Data items:
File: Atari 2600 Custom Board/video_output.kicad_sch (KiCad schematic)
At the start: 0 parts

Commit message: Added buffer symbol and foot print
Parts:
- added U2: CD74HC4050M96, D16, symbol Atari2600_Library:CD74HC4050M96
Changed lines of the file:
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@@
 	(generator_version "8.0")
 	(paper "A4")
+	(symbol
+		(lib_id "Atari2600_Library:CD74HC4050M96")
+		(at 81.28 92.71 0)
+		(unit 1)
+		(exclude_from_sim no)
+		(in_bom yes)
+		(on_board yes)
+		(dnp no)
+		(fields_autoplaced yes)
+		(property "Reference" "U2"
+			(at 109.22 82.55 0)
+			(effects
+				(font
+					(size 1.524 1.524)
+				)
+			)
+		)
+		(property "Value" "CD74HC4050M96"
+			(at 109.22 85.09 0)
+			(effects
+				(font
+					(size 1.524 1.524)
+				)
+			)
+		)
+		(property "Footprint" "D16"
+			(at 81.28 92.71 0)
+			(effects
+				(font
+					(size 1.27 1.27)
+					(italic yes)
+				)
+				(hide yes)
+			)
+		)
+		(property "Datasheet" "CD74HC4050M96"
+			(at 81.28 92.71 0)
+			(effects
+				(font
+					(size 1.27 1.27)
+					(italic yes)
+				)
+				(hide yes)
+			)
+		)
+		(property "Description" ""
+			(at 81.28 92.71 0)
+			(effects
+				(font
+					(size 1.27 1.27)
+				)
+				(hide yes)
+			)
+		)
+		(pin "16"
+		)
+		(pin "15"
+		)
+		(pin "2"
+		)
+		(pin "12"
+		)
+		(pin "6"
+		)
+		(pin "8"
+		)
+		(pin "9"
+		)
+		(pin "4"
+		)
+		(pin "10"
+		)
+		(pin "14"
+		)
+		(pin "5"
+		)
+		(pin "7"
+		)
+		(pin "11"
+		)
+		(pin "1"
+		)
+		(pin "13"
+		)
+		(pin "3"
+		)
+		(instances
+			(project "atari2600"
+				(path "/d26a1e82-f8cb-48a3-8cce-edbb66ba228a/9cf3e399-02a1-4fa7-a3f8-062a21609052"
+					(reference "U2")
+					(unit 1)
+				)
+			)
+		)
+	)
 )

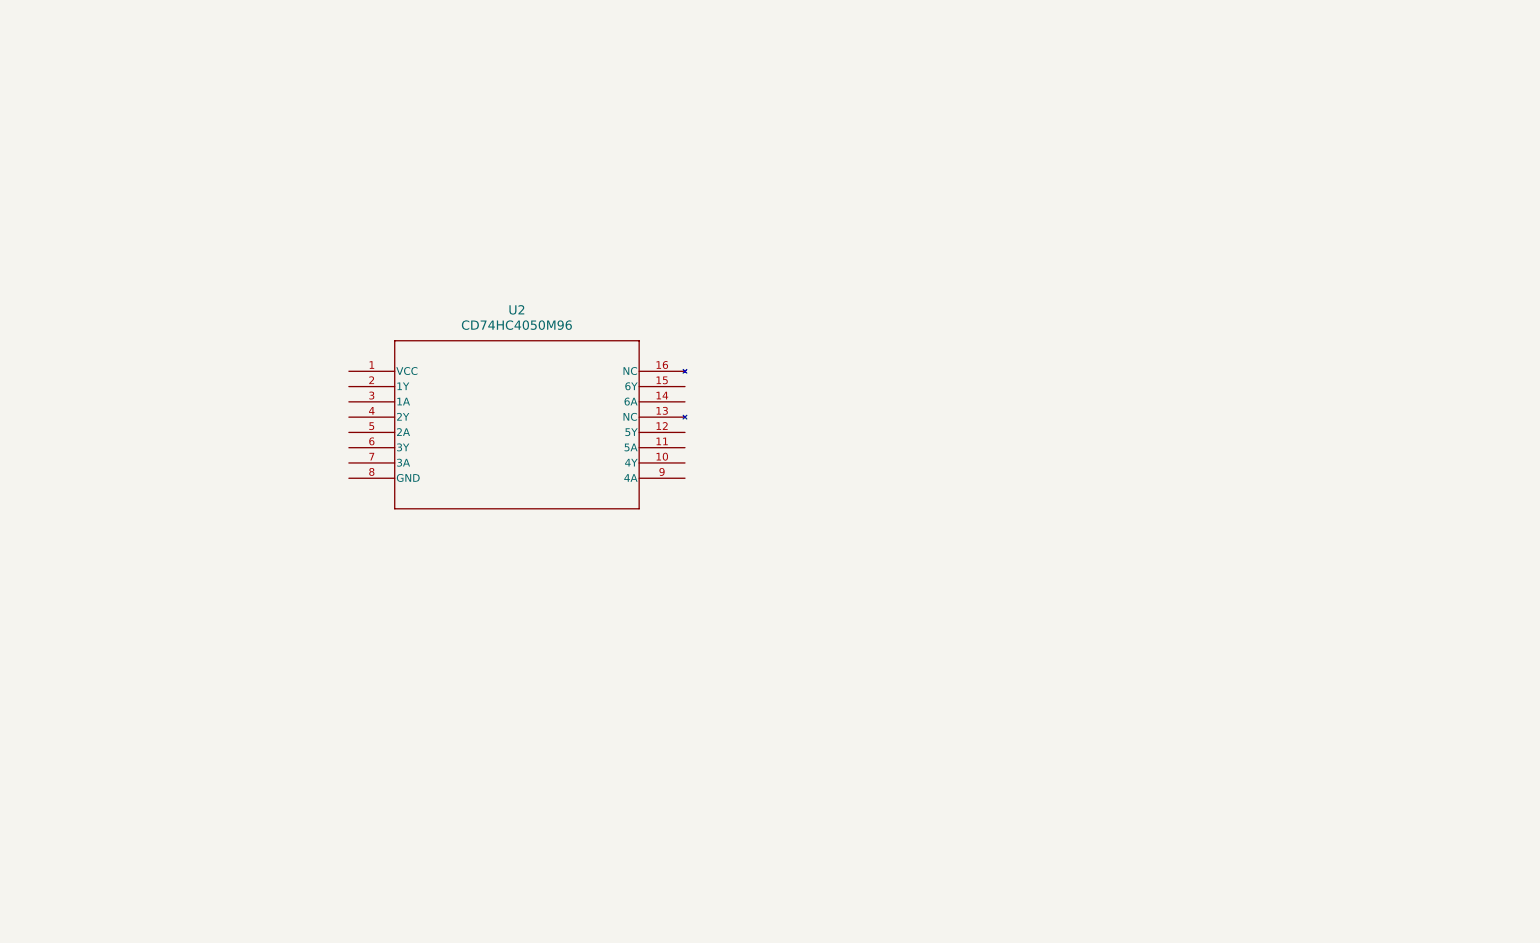
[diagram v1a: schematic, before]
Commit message: 1st pass of full schematic
1st pass of full schematic.  Need rules check and review.
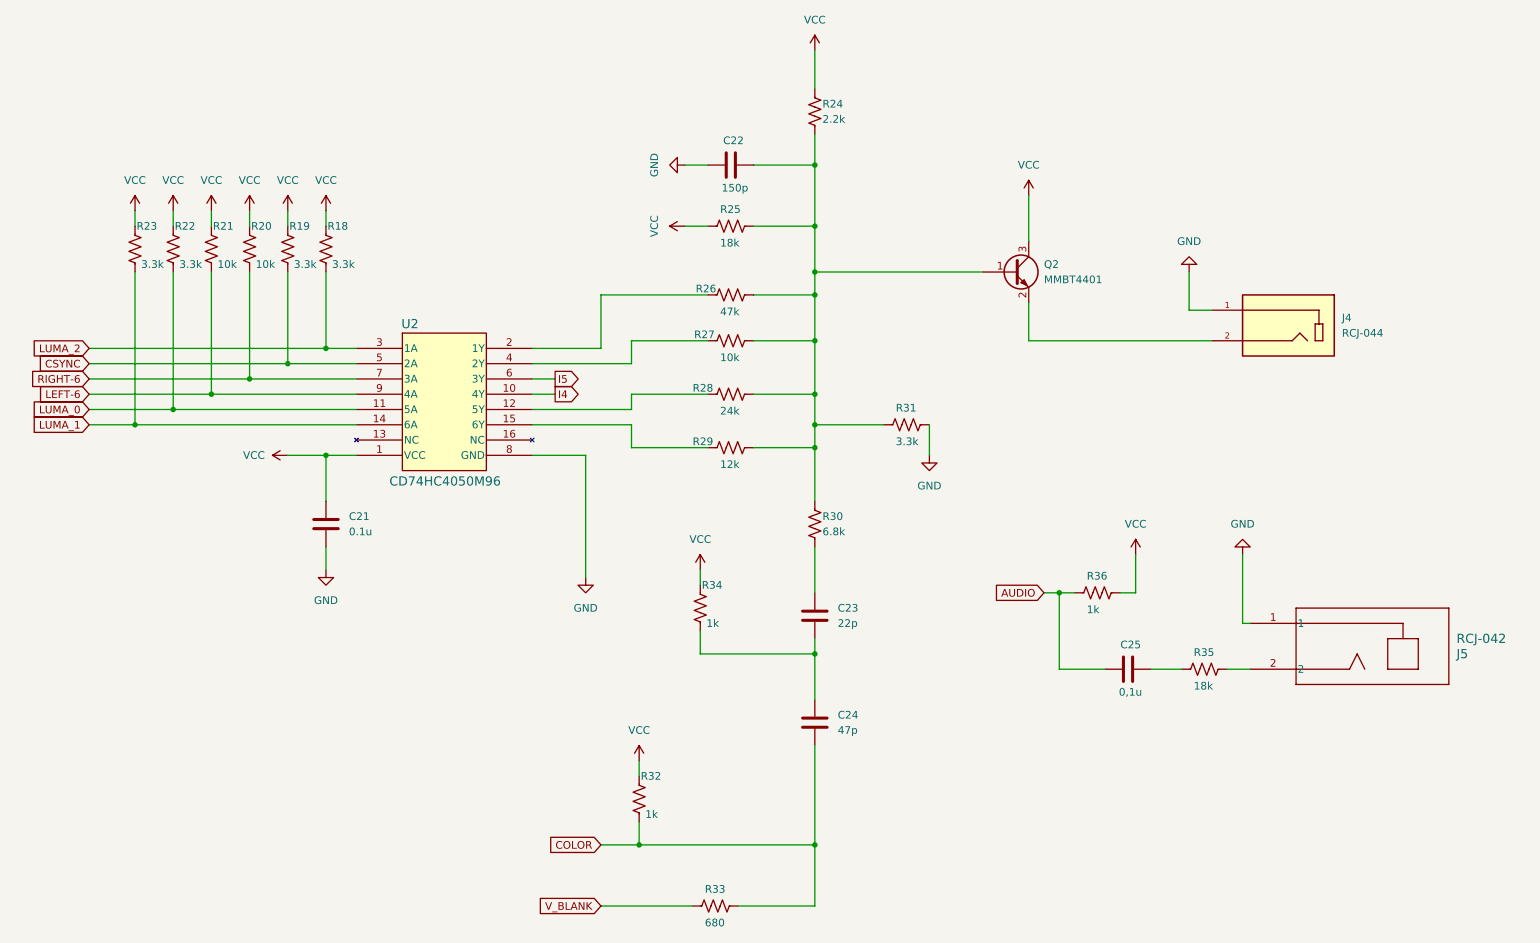
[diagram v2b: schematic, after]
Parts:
- added C21: 0.1u, symbol Device:C
- added C22: 150p, symbol Device:C
- added C23: 22p, symbol Device:C
- added C24: 47p, symbol Device:C
- added C25: 0,1u, symbol Device:C
- added J4: RCJ-044, RCJ-044:CUI_RCJ-044, symbol Atari2600_Library:RCJ-044
- added J5: RCJ-042, RCJ-042_CUD, symbol Atari2600_Library:RCJ-042
- added Q2: MMBT4401, symbol Device:Q_NPN_BEC
- added R18, R19, R22, R23, R31: 3.3k, symbol Device:R_US
- added R20, R21, R27: 10k, symbol Device:R_US
- added R24: 2.2k, symbol Device:R_US
- added R25, R35: 18k, symbol Device:R_US
- added R26: 47k, symbol Device:R_US
- added R28: 24k, symbol Device:R_US
- added R29: 12k, symbol Device:R_US
- added R30: 6.8k, symbol Device:R_US
- added R32, R34, R36: 1k, symbol Device:R_US
- added R33: 680, symbol Device:R_US
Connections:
- net VCC: now reaches U2.1 (VCC)
- net VCC: now also C21.1, Q2.3 (C), R18.1, R19.1, R20.1, R21.1, R22.1, R23.1, R24.1, R25.2, R32.1, R34.1, R36.1
- net I4: now reaches U2.10 (4Y)
- net LUMA_0: now reaches U2.11 (5A)
- net LUMA_0: now also R22.2
- net at U2.12 (5Y): now also R28.2
- net LUMA_1: now reaches U2.14 (6A)
- net LUMA_1: now also R23.2
- net at U2.15 (6Y): now also R29.2
- net at U2.2 (1Y): now also R26.2
- net LUMA_2: now reaches U2.3 (1A)
- net LUMA_2: now also R18.2
- net at U2.4 (2Y): now also R27.2
- net CSYNC: now reaches U2.5 (2A)
- net CSYNC: now also R19.2
- net I5: now reaches U2.6 (3Y)
- net RIGHT-6: now reaches U2.7 (3A)
- net RIGHT-6: now also R20.2
- net GND: now reaches U2.8 (GND)
- net GND: now also C21.2, C22.2, J4.1, J5.1, R31.1
- net LEFT-6: now reaches U2.9 (4A)
- net LEFT-6: now also R21.2
- new net: J4.2, Q2.2 (E)
- new net: C22.1, Q2.1 (B), R24.2, R25.1, R26.1, R27.1, R28.1, R29.1, R30.1, R31.2
- new net: J5.2, R35.1
- new net: C23.2, C24.1, R34.2
- new net: C25.1, R35.2
- new net: C23.1, R30.2
- new net AUDIO: C25.2, R36.2
- new net COLOR: C24.2, R32.2, R33.1
- new net V_BLANK: R33.2

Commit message: Fixed some incorrect values and re-annotated
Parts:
- renumbered C22 to C21, C21 to C22, C25 to C24, C24 to C25, R24 to R19, R25 to R20, R23 to R21, R21 to R23, R20 to R24, R19 to R25, R18 to R26, R26 to R27, R27 to R28, R28 to R29, R31 to R30, R29 to R31, R30 to R32, R36 to R33, R32 to R36, R33 to R37, U2 to U4

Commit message: assign footprints
assigned most footprints to schematic
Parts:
- C21, C22, C23, C24, C25: footprint (none) -> Capacitor_SMD:C_0805_2012Metric_Pad1.18x1.45mm_HandSolder
- J5: footprint RCJ-042_CUD -> Atari2600_Libary:RCJ-042_CUD
- Q2: footprint (none) -> Package_TO_SOT_SMD:TSOT-23
- R19, R20, R21, R22, R23, R24, R25, R26, R27, R28, R29, R30, R31, R32, R33, R34, R35, R36, R37: footprint (none) -> Resistor_SMD:R_0805_2012Metric_Pad1.20x1.40mm_HandSolder
- U4: footprint D16 -> Atari2600_Libary:CD74HC4050M96_16-SOIC_M
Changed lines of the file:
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@@
 			)
 		)
-		(property "Footprint" ""
+		(property "Footprint" "Resistor_SMD:R_0805_2012Metric_Pad1.20x1.40mm_HandSolder"
 			(at 144.526 97.536 90)
 			(effects
@@
 			)
 		)
-		(property "Footprint" "RCJ-042_CUD"
+		(property "Footprint" "Atari2600_Libary:RCJ-042_CUD"
 			(at 231.14 142.24 0)
 			(effects
@@
 			)
 		)
-		(property "Footprint" ""
+		(property "Footprint" "Capacitor_SMD:C_0805_2012Metric_Pad1.18x1.45mm_HandSolder"
 			(at 159.7152 154.94 0)
 			(effects
@@
 			)
 		)
-		(property "Footprint" ""
+		(property "Footprint" "Resistor_SMD:R_0805_2012Metric_Pad1.20x1.40mm_HandSolder"
 			(at 159.766 49.784 90)
 			(effects
@@
 			)
 		)
-		(property "Footprint" ""
+		(property "Footprint" "Resistor_SMD:R_0805_2012Metric_Pad1.20x1.40mm_HandSolder"
 			(at 144.526 106.426 90)
 			(effects
@@
 			)
 		)
-		(property "Footprint" ""
+		(property "Footprint" "Capacitor_SMD:C_0805_2012Metric_Pad1.18x1.45mm_HandSolder"
 			(at 207.01 143.2052 0)
 			(effects
@@
 			)
 		)
-		(property "Footprint" ""
+		(property "Footprint" "Resistor_SMD:R_0805_2012Metric_Pad1.20x1.40mm_HandSolder"
 			(at 78.486 72.644 90)
 			(effects
@@
 			)
 		)
-		(property "Footprint" ""
+		(property "Footprint" "Resistor_SMD:R_0805_2012Metric_Pad1.20x1.40mm_HandSolder"
 			(at 130.556 164.084 90)
 			(effects
@@
 			)
 		)
-		(property "Footprint" ""
+		(property "Footprint" "Capacitor_SMD:C_0805_2012Metric_Pad1.18x1.45mm_HandSolder"
 			(at 78.4352 121.92 0)
 			(effects
@@
 			)
 		)
-		(property "Footprint" ""
+		(property "Footprint" "Capacitor_SMD:C_0805_2012Metric_Pad1.18x1.45mm_HandSolder"
 			(at 159.7152 137.16 0)
 			(effects
@@
 			)
 		)
-		(property "Footprint" ""
+		(property "Footprint" "Resistor_SMD:R_0805_2012Metric_Pad1.20x1.40mm_HandSolder"
 			(at 144.526 88.646 90)
 			(effects
@@
 			)
 		)
-		(property "Footprint" ""
+		(property "Footprint" "Resistor_SMD:R_0805_2012Metric_Pad1.20x1.40mm_HandSolder"
 			(at 46.736 72.644 90)
 			(effects
@@
 			)
 		)
-		(property "Footprint" ""
+		(property "Footprint" "Resistor_SMD:R_0805_2012Metric_Pad1.20x1.40mm_HandSolder"
 			(at 65.786 72.644 90)
 			(effects
@@
 			)
 		)
-		(property "Footprint" ""
+		(property "Footprint" "Resistor_SMD:R_0805_2012Metric_Pad1.20x1.40mm_HandSolder"
 			(at 223.266 143.256 90)
 			(effects
@@
 			)
 		)
-		(property "Footprint" ""
+		(property "Footprint" "Resistor_SMD:R_0805_2012Metric_Pad1.20x1.40mm_HandSolder"
 			(at 205.486 130.556 90)
 			(effects
@@
 			)
 		)
-		(property "Footprint" ""
+		(property "Footprint" "Resistor_SMD:R_0805_2012Metric_Pad1.20x1.40mm_HandSolder"
 			(at 53.086 72.644 90)
 			(effects
@@
 			)
 		)
-		(property "Footprint" ""
+		(property "Footprint" "Package_TO_SOT_SMD:TSOT-23"
 			(at 196.85 73.66 0)
 			(effects
@@
 			)
 		)
-		(property "Footprint" ""
+		(property "Footprint" "Capacitor_SMD:C_0805_2012Metric_Pad1.18x1.45mm_HandSolder"
 			(at 140.97 59.3852 0)
 			(effects
@@
 			)
 		)
-		(property "Footprint" ""
+		(property "Footprint" "Resistor_SMD:R_0805_2012Metric_Pad1.20x1.40mm_HandSolder"
 			(at 141.986 182.626 90)
 			(effects
@@
 			)
 		)
-		(property "Footprint" ""
+		(property "Footprint" "Resistor_SMD:R_0805_2012Metric_Pad1.20x1.40mm_HandSolder"
 			(at 159.766 118.364 90)
 			(effects
@@
 			)
 		)
-		(property "Footprint" ""
+		(property "Footprint" "Resistor_SMD:R_0805_2012Metric_Pad1.20x1.40mm_HandSolder"
 			(at 144.526 81.026 90)
 			(effects
@@
 			)
 		)
-		(property "Footprint" ""
+		(property "Footprint" "Resistor_SMD:R_0805_2012Metric_Pad1.20x1.40mm_HandSolder"
 			(at 173.736 102.616 90)
 			(effects
@@
 			)
 		)
-		(property "Footprint" "D16"
+		(property "Footprint" "Atari2600_Libary:CD74HC4050M96_16-SOIC_M"
 			(at 90.17 86.36 0)
 			(effects
@@
 			)
 		)
-		(property "Footprint" ""
+		(property "Footprint" "Resistor_SMD:R_0805_2012Metric_Pad1.20x1.40mm_HandSolder"
 			(at 72.136 72.644 90)
 			(effects
@@
 			)
 		)
-		(property "Footprint" ""
+		(property "Footprint" "Resistor_SMD:R_0805_2012Metric_Pad1.20x1.40mm_HandSolder"
 			(at 140.716 132.334 90)
 			(effects
@@
 			)
 		)
-		(property "Footprint" ""
+		(property "Footprint" "Resistor_SMD:R_0805_2012Metric_Pad1.20x1.40mm_HandSolder"
 			(at 144.526 69.596 90)
 			(effects
@@
 			)
 		)
-		(property "Footprint" ""
+		(property "Footprint" "Resistor_SMD:R_0805_2012Metric_Pad1.20x1.40mm_HandSolder"
 			(at 59.436 72.644 90)
 			(effects

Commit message: Change footprintf to regular 0805
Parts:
- C21, C22, C23, C24, C25: footprint Capacitor_SMD:C_0805_2012Metric_Pad1.18x1.45mm_HandSolder -> Capacitor_SMD:C_0805_2012Metric
- R19, R20, R21, R22, R23, R24, R25, R26, R27, R28, R29, R30, R31, R32, R33, R34, R35, R36, R37: footprint Resistor_SMD:R_0805_2012Metric_Pad1.20x1.40mm_HandSolder -> Resistor_SMD:R_0805_2012Metric
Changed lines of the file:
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@@
 			)
 		)
-		(property "Footprint" "Resistor_SMD:R_0805_2012Metric_Pad1.20x1.40mm_HandSolder"
+		(property "Footprint" "Resistor_SMD:R_0805_2012Metric"
 			(at 144.526 97.536 90)
 			(effects
@@
 			)
 		)
-		(property "Footprint" "Capacitor_SMD:C_0805_2012Metric_Pad1.18x1.45mm_HandSolder"
+		(property "Footprint" "Capacitor_SMD:C_0805_2012Metric"
 			(at 159.7152 154.94 0)
 			(effects
@@
 			)
 		)
-		(property "Footprint" "Resistor_SMD:R_0805_2012Metric_Pad1.20x1.40mm_HandSolder"
+		(property "Footprint" "Resistor_SMD:R_0805_2012Metric"
 			(at 159.766 49.784 90)
 			(effects
@@
 			)
 		)
-		(property "Footprint" "Resistor_SMD:R_0805_2012Metric_Pad1.20x1.40mm_HandSolder"
+		(property "Footprint" "Resistor_SMD:R_0805_2012Metric"
 			(at 144.526 106.426 90)
 			(effects
@@
 			)
 		)
-		(property "Footprint" "Capacitor_SMD:C_0805_2012Metric_Pad1.18x1.45mm_HandSolder"
+		(property "Footprint" "Capacitor_SMD:C_0805_2012Metric"
 			(at 207.01 143.2052 0)
 			(effects
@@
 			)
 		)
-		(property "Footprint" "Resistor_SMD:R_0805_2012Metric_Pad1.20x1.40mm_HandSolder"
+		(property "Footprint" "Resistor_SMD:R_0805_2012Metric"
 			(at 78.486 72.644 90)
 			(effects
@@
 			)
 		)
-		(property "Footprint" "Resistor_SMD:R_0805_2012Metric_Pad1.20x1.40mm_HandSolder"
+		(property "Footprint" "Resistor_SMD:R_0805_2012Metric"
 			(at 130.556 164.084 90)
 			(effects
@@
 			)
 		)
-		(property "Footprint" "Capacitor_SMD:C_0805_2012Metric_Pad1.18x1.45mm_HandSolder"
+		(property "Footprint" "Capacitor_SMD:C_0805_2012Metric"
 			(at 78.4352 121.92 0)
 			(effects
@@
 			)
 		)
-		(property "Footprint" "Capacitor_SMD:C_0805_2012Metric_Pad1.18x1.45mm_HandSolder"
+		(property "Footprint" "Capacitor_SMD:C_0805_2012Metric"
 			(at 159.7152 137.16 0)
 			(effects
@@
 			)
 		)
-		(property "Footprint" "Resistor_SMD:R_0805_2012Metric_Pad1.20x1.40mm_HandSolder"
+		(property "Footprint" "Resistor_SMD:R_0805_2012Metric"
 			(at 144.526 88.646 90)
 			(effects
@@
 			)
 		)
-		(property "Footprint" "Resistor_SMD:R_0805_2012Metric_Pad1.20x1.40mm_HandSolder"
+		(property "Footprint" "Resistor_SMD:R_0805_2012Metric"
 			(at 46.736 72.644 90)
 			(effects
@@
 			)
 		)
-		(property "Footprint" "Resistor_SMD:R_0805_2012Metric_Pad1.20x1.40mm_HandSolder"
+		(property "Footprint" "Resistor_SMD:R_0805_2012Metric"
 			(at 65.786 72.644 90)
 			(effects
@@
 			)
 		)
-		(property "Footprint" "Resistor_SMD:R_0805_2012Metric_Pad1.20x1.40mm_HandSolder"
+		(property "Footprint" "Resistor_SMD:R_0805_2012Metric"
 			(at 223.266 143.256 90)
 			(effects
@@
 			)
 		)
-		(property "Footprint" "Resistor_SMD:R_0805_2012Metric_Pad1.20x1.40mm_HandSolder"
+		(property "Footprint" "Resistor_SMD:R_0805_2012Metric"
 			(at 205.486 130.556 90)
 			(effects
@@
 			)
 		)
-		(property "Footprint" "Resistor_SMD:R_0805_2012Metric_Pad1.20x1.40mm_HandSolder"
+		(property "Footprint" "Resistor_SMD:R_0805_2012Metric"
 			(at 53.086 72.644 90)
 			(effects
@@
 			)
 		)
-		(property "Footprint" "Capacitor_SMD:C_0805_2012Metric_Pad1.18x1.45mm_HandSolder"
+		(property "Footprint" "Capacitor_SMD:C_0805_2012Metric"
 			(at 140.97 59.3852 0)
 			(effects
@@
 			)
 		)
-		(property "Footprint" "Resistor_SMD:R_0805_2012Metric_Pad1.20x1.40mm_HandSolder"
+		(property "Footprint" "Resistor_SMD:R_0805_2012Metric"
 			(at 141.986 182.626 90)
 			(effects
@@
 			)
 		)
-		(property "Footprint" "Resistor_SMD:R_0805_2012Metric_Pad1.20x1.40mm_HandSolder"
+		(property "Footprint" "Resistor_SMD:R_0805_2012Metric"
 			(at 159.766 118.364 90)
 			(effects
@@
 			)
 		)
-		(property "Footprint" "Resistor_SMD:R_0805_2012Metric_Pad1.20x1.40mm_HandSolder"
+		(property "Footprint" "Resistor_SMD:R_0805_2012Metric"
 			(at 144.526 81.026 90)
 			(effects
@@
 			)
 		)
-		(property "Footprint" "Resistor_SMD:R_0805_2012Metric_Pad1.20x1.40mm_HandSolder"
+		(property "Footprint" "Resistor_SMD:R_0805_2012Metric"
 			(at 173.736 102.616 90)
 			(effects
@@
 			)
 		)
-		(property "Footprint" "Resistor_SMD:R_0805_2012Metric_Pad1.20x1.40mm_HandSolder"
+		(property "Footprint" "Resistor_SMD:R_0805_2012Metric"
 			(at 72.136 72.644 90)
 			(effects
@@
 			)
 		)
-		(property "Footprint" "Resistor_SMD:R_0805_2012Metric_Pad1.20x1.40mm_HandSolder"
+		(property "Footprint" "Resistor_SMD:R_0805_2012Metric"
 			(at 140.716 132.334 90)
 			(effects
@@
 			)
 		)
-		(property "Footprint" "Resistor_SMD:R_0805_2012Metric_Pad1.20x1.40mm_HandSolder"
+		(property "Footprint" "Resistor_SMD:R_0805_2012Metric"
 			(at 144.526 69.596 90)
 			(effects
@@
 			)
 		)
-		(property "Footprint" "Resistor_SMD:R_0805_2012Metric_Pad1.20x1.40mm_HandSolder"
+		(property "Footprint" "Resistor_SMD:R_0805_2012Metric"
 			(at 59.436 72.644 90)
 			(effects

**TO DO:**
Return only the lines running from the start of the entries above to the line that contains "- added R25, R35: 18k, symbol Device:R_US", inclusive, and omit every picture.

**RESULT FOR THIS EXERCISE:**
File: Atari 2600 Custom Board/video_output.kicad_sch (KiCad schematic)
At the start: 0 parts

Commit message: Added buffer symbol and foot print
Parts:
- added U2: CD74HC4050M96, D16, symbol Atari2600_Library:CD74HC4050M96
Changed lines of the file:
@@
 	(generator_version "8.0")
 	(paper "A4")
+	(symbol
+		(lib_id "Atari2600_Library:CD74HC4050M96")
+		(at 81.28 92.71 0)
+		(unit 1)
+		(exclude_from_sim no)
+		(in_bom yes)
+		(on_board yes)
+		(dnp no)
+		(fields_autoplaced yes)
+		(property "Reference" "U2"
+			(at 109.22 82.55 0)
+			(effects
+				(font
+					(size 1.524 1.524)
+				)
+			)
+		)
+		(property "Value" "CD74HC4050M96"
+			(at 109.22 85.09 0)
+			(effects
+				(font
+					(size 1.524 1.524)
+				)
+			)
+		)
+		(property "Footprint" "D16"
+			(at 81.28 92.71 0)
+			(effects
+				(font
+					(size 1.27 1.27)
+					(italic yes)
+				)
+				(hide yes)
+			)
+		)
+		(property "Datasheet" "CD74HC4050M96"
+			(at 81.28 92.71 0)
+			(effects
+				(font
+					(size 1.27 1.27)
+					(italic yes)
+				)
+				(hide yes)
+			)
+		)
+		(property "Description" ""
+			(at 81.28 92.71 0)
+			(effects
+				(font
+					(size 1.27 1.27)
+				)
+				(hide yes)
+			)
+		)
+		(pin "16"
+		)
+		(pin "15"
+		)
+		(pin "2"
+		)
+		(pin "12"
+		)
+		(pin "6"
+		)
+		(pin "8"
+		)
+		(pin "9"
+		)
+		(pin "4"
+		)
+		(pin "10"
+		)
+		(pin "14"
+		)
+		(pin "5"
+		)
+		(pin "7"
+		)
+		(pin "11"
+		)
+		(pin "1"
+		)
+		(pin "13"
+		)
+		(pin "3"
+		)
+		(instances
+			(project "atari2600"
+				(path "/d26a1e82-f8cb-48a3-8cce-edbb66ba228a/9cf3e399-02a1-4fa7-a3f8-062a21609052"
+					(reference "U2")
+					(unit 1)
+				)
+			)
+		)
+	)
 )

[diagram v1a: schematic, before]
Commit message: 1st pass of full schematic
1st pass of full schematic.  Need rules check and review.
[diagram v2b: schematic, after]
Parts:
- added C21: 0.1u, symbol Device:C
- added C22: 150p, symbol Device:C
- added C23: 22p, symbol Device:C
- added C24: 47p, symbol Device:C
- added C25: 0,1u, symbol Device:C
- added J4: RCJ-044, RCJ-044:CUI_RCJ-044, symbol Atari2600_Library:RCJ-044
- added J5: RCJ-042, RCJ-042_CUD, symbol Atari2600_Library:RCJ-042
- added Q2: MMBT4401, symbol Device:Q_NPN_BEC
- added R18, R19, R22, R23, R31: 3.3k, symbol Device:R_US
- added R20, R21, R27: 10k, symbol Device:R_US
- added R24: 2.2k, symbol Device:R_US
- added R25, R35: 18k, symbol Device:R_US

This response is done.